BEGIN INPUT FOR THIS TASK
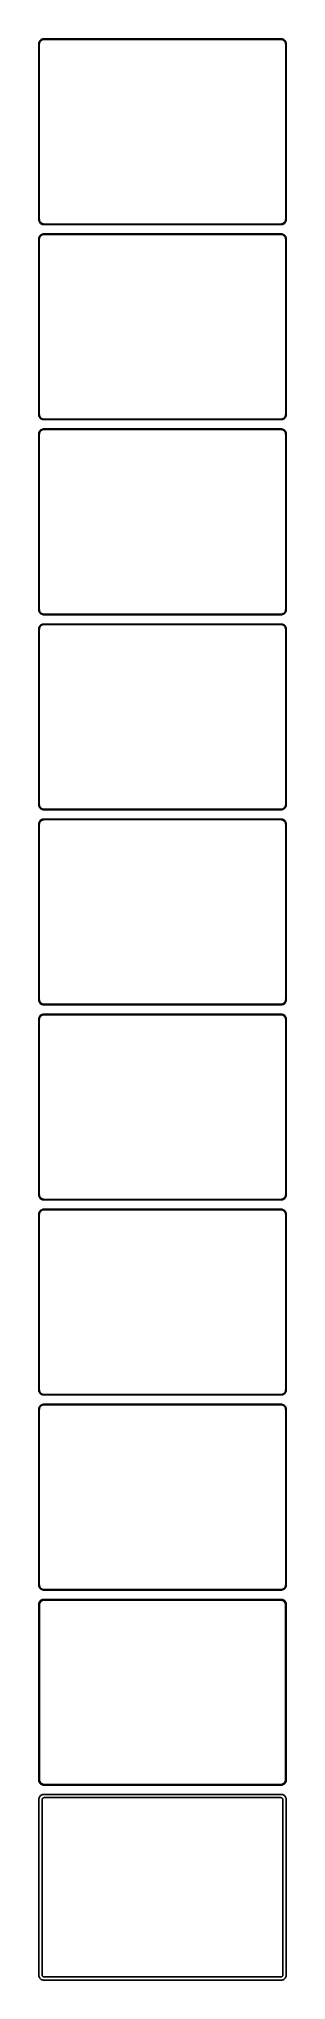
# Model space of a CAD drawing. Header units: metres. Extents: x -120 to 120, y 1800 to 3681.
import ezdxf

# ---------------------------------------------------------------- set-up
doc = ezdxf.new("R2010")
doc.units = ezdxf.units.M

msp = doc.modelspace()

# ---------------------------------------------------------------- linework, layer by layer
for p, q in [((-119.961, 3676.63), (-120, 3676)), ((-120, 3676), (-120, 3506)), ((-119.843, 3677.24), (-119.961, 3676.63)), ((-119.649, 3677.84), (-119.843, 3677.24)), ((-119.382, 3678.41), (-119.649, 3677.84)), ((-119.5, 3675.75), (-119.463, 3676.35)), ((-119.5, 3506.25), (-119.5, 3675.75)), ((-119.463, 3676.35), (-119.351, 3676.93)), ((-119.045, 3678.94), (-119.382, 3678.41)), ((-119.351, 3676.93), (-119.166, 3677.5)), ((-119.166, 3677.5), (-118.912, 3678.04)), ((-118.645, 3679.42), (-119.045, 3678.94)), ((-118.912, 3678.04), (-118.593, 3678.54)), ((-118.187, 3679.85), (-118.645, 3679.42)), ((-118.593, 3678.54), (-118.213, 3679)), ((-118.213, 3679), (-117.778, 3679.41)), ((-117.679, 3680.22), (-118.187, 3679.85)), ((-117.778, 3679.41), (-117.295, 3679.76)), ((-117.129, 3680.52), (-117.679, 3680.22)), ((-117.295, 3679.76), (-116.772, 3680.05)), ((-116.545, 3680.76), (-117.129, 3680.52)), ((-116.772, 3680.05), (-116.218, 3680.27)), ((-115.937, 3680.91), (-116.545, 3680.76)), ((-116.218, 3680.27), (-115.64, 3680.42)), ((-115.314, 3680.99), (-115.937, 3680.91)), ((-115.64, 3680.42), (-115.048, 3680.49)), ((115.314, 3680.99), (-115.314, 3680.99)), ((-115.048, 3680.49), (115.048, 3680.49)), ((115.048, 3680.49), (115.64, 3680.42)), ((115.937, 3680.91), (115.314, 3680.99)), ((115.64, 3680.42), (116.218, 3680.27)), ((116.545, 3680.76), (115.937, 3680.91)), ((116.218, 3680.27), (116.772, 3680.05)), ((117.129, 3680.52), (116.545, 3680.76)), ((116.772, 3680.05), (117.295, 3679.76)), ((117.679, 3680.22), (117.129, 3680.52)), ((117.295, 3679.76), (117.778, 3679.41)), ((118.187, 3679.85), (117.679, 3680.22)), ((117.778, 3679.41), (118.213, 3679)), ((118.645, 3679.42), (118.187, 3679.85)), ((118.213, 3679), (118.593, 3678.54)), ((118.593, 3678.54), (118.912, 3678.04)), ((119.045, 3678.94), (118.645, 3679.42)), ((118.912, 3678.04), (119.166, 3677.5)), ((119.382, 3678.41), (119.045, 3678.94)), ((119.166, 3677.5), (119.351, 3676.93)), ((119.351, 3676.93), (119.463, 3676.35)), ((119.649, 3677.84), (119.382, 3678.41)), ((119.463, 3676.35), (119.5, 3675.75)), ((119.5, 3675.75), (119.5, 3506.25)), ((119.843, 3677.24), (119.649, 3677.84)), ((119.961, 3676.63), (119.843, 3677.24)), ((120, 3676), (119.961, 3676.63)), ((120, 3506), (120, 3676)), ((-120, 3506), (-119.961, 3505.37)), ((-119.961, 3505.37), (-119.843, 3504.76)), ((-119.843, 3504.76), (-119.649, 3504.16)), ((-119.649, 3504.16), (-119.382, 3503.59)), ((-119.463, 3505.65), (-119.5, 3506.25)), ((-119.351, 3505.07), (-119.463, 3505.65)), ((-119.382, 3503.59), (-119.045, 3503.06)), ((-119.166, 3504.5), (-119.351, 3505.07)), ((-118.912, 3503.96), (-119.166, 3504.5)), ((-119.045, 3503.06), (-118.645, 3502.58)), ((-118.593, 3503.46), (-118.912, 3503.96)), ((-118.645, 3502.58), (-118.187, 3502.15)), ((-118.213, 3503), (-118.593, 3503.46)), ((-117.778, 3502.59), (-118.213, 3503)), ((-118.187, 3502.15), (-117.679, 3501.78)), ((-117.295, 3502.24), (-117.778, 3502.59)), ((-117.679, 3501.78), (-117.129, 3501.48)), ((-116.772, 3501.95), (-117.295, 3502.24)), ((-117.129, 3501.48), (-116.545, 3501.24)), ((-116.218, 3501.73), (-116.772, 3501.95)), ((-116.545, 3501.24), (-115.937, 3501.09)), ((-115.64, 3501.58), (-116.218, 3501.73)), ((-115.937, 3501.09), (-115.314, 3501.01)), ((-115.048, 3501.51), (-115.64, 3501.58)), ((-115.314, 3501.01), (115.314, 3501.01)), ((115.048, 3501.51), (-115.048, 3501.51)), ((115.64, 3501.58), (115.048, 3501.51)), ((115.314, 3501.01), (115.937, 3501.09)), ((116.218, 3501.73), (115.64, 3501.58)), ((115.937, 3501.09), (116.545, 3501.24)), ((116.772, 3501.95), (116.218, 3501.73)), ((116.545, 3501.24), (117.129, 3501.48)), ((117.295, 3502.24), (116.772, 3501.95)), ((117.129, 3501.48), (117.679, 3501.78)), ((117.778, 3502.59), (117.295, 3502.24)), ((117.679, 3501.78), (118.187, 3502.15)), ((118.213, 3503), (117.778, 3502.59)), ((118.187, 3502.15), (118.645, 3502.58)), ((118.593, 3503.46), (118.213, 3503)), ((118.912, 3503.96), (118.593, 3503.46)), ((118.645, 3502.58), (119.045, 3503.06)), ((119.166, 3504.5), (118.912, 3503.96)), ((119.045, 3503.06), (119.382, 3503.59)), ((119.351, 3505.07), (119.166, 3504.5)), ((119.463, 3505.65), (119.351, 3505.07)), ((119.382, 3503.59), (119.649, 3504.16)), ((119.5, 3506.25), (119.463, 3505.65)), ((119.649, 3504.16), (119.843, 3504.76)), ((119.843, 3504.76), (119.961, 3505.37)), ((119.961, 3505.37), (120, 3506)), ((-119.961, 3487.63), (-120, 3487)), ((-120, 3487), (-120, 3317)), ((-119.843, 3488.24), (-119.961, 3487.63)), ((-119.649, 3488.84), (-119.843, 3488.24)), ((-119.382, 3489.41), (-119.649, 3488.84)), ((-119.5, 3486.75), (-119.463, 3487.35)), ((-119.5, 3317.25), (-119.5, 3486.75)), ((-119.463, 3487.35), (-119.351, 3487.93)), ((-119.045, 3489.94), (-119.382, 3489.41)), ((-119.351, 3487.93), (-119.166, 3488.5)), ((-119.166, 3488.5), (-118.912, 3489.04)), ((-118.645, 3490.42), (-119.045, 3489.94)), ((-118.912, 3489.04), (-118.593, 3489.54)), ((-118.187, 3490.85), (-118.645, 3490.42)), ((-118.593, 3489.54), (-118.213, 3490)), ((-118.213, 3490), (-117.778, 3490.41)), ((-117.679, 3491.22), (-118.187, 3490.85)), ((-117.778, 3490.41), (-117.295, 3490.76)), ((-117.129, 3491.52), (-117.679, 3491.22)), ((-117.295, 3490.76), (-116.772, 3491.05)), ((-116.545, 3491.76), (-117.129, 3491.52)), ((-116.772, 3491.05), (-116.218, 3491.27)), ((-115.937, 3491.91), (-116.545, 3491.76)), ((-116.218, 3491.27), (-115.64, 3491.42)), ((-115.314, 3491.99), (-115.937, 3491.91)), ((-115.64, 3491.42), (-115.048, 3491.49)), ((115.314, 3491.99), (-115.314, 3491.99)), ((-115.048, 3491.49), (115.048, 3491.49)), ((115.048, 3491.49), (115.64, 3491.42)), ((115.937, 3491.91), (115.314, 3491.99)), ((115.64, 3491.42), (116.218, 3491.27)), ((116.545, 3491.76), (115.937, 3491.91)), ((116.218, 3491.27), (116.772, 3491.05)), ((117.129, 3491.52), (116.545, 3491.76)), ((116.772, 3491.05), (117.295, 3490.76)), ((117.679, 3491.22), (117.129, 3491.52)), ((117.295, 3490.76), (117.778, 3490.41)), ((118.187, 3490.85), (117.679, 3491.22)), ((117.778, 3490.41), (118.213, 3490)), ((118.645, 3490.42), (118.187, 3490.85)), ((118.213, 3490), (118.593, 3489.54)), ((118.593, 3489.54), (118.912, 3489.04)), ((119.045, 3489.94), (118.645, 3490.42)), ((118.912, 3489.04), (119.166, 3488.5)), ((119.382, 3489.41), (119.045, 3489.94)), ((119.166, 3488.5), (119.351, 3487.93)), ((119.351, 3487.93), (119.463, 3487.35)), ((119.649, 3488.84), (119.382, 3489.41)), ((119.463, 3487.35), (119.5, 3486.75)), ((119.5, 3486.75), (119.5, 3317.25)), ((119.843, 3488.24), (119.649, 3488.84)), ((119.961, 3487.63), (119.843, 3488.24)), ((120, 3487), (119.961, 3487.63)), ((120, 3317), (120, 3487)), ((-120, 3317), (-119.961, 3316.37)), ((-119.961, 3316.37), (-119.843, 3315.76)), ((-119.843, 3315.76), (-119.649, 3315.16)), ((-119.649, 3315.16), (-119.382, 3314.59)), ((-119.463, 3316.65), (-119.5, 3317.25)), ((-119.351, 3316.07), (-119.463, 3316.65)), ((-119.382, 3314.59), (-119.045, 3314.06)), ((-119.166, 3315.5), (-119.351, 3316.07)), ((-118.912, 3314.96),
END INPUT FOR THIS TASK
WHAT THE TASK REQUIRES: Repeat the listing above up to and including the line with "layer by layer", starting from its first line. Drop any pictures.

RESULT BELOW:
# Model space of a CAD drawing. Header units: metres. Extents: x -120 to 120, y 1800 to 3681.
import ezdxf

# ---------------------------------------------------------------- set-up
doc = ezdxf.new("R2010")
doc.units = ezdxf.units.M

msp = doc.modelspace()

# ---------------------------------------------------------------- linework, layer by layer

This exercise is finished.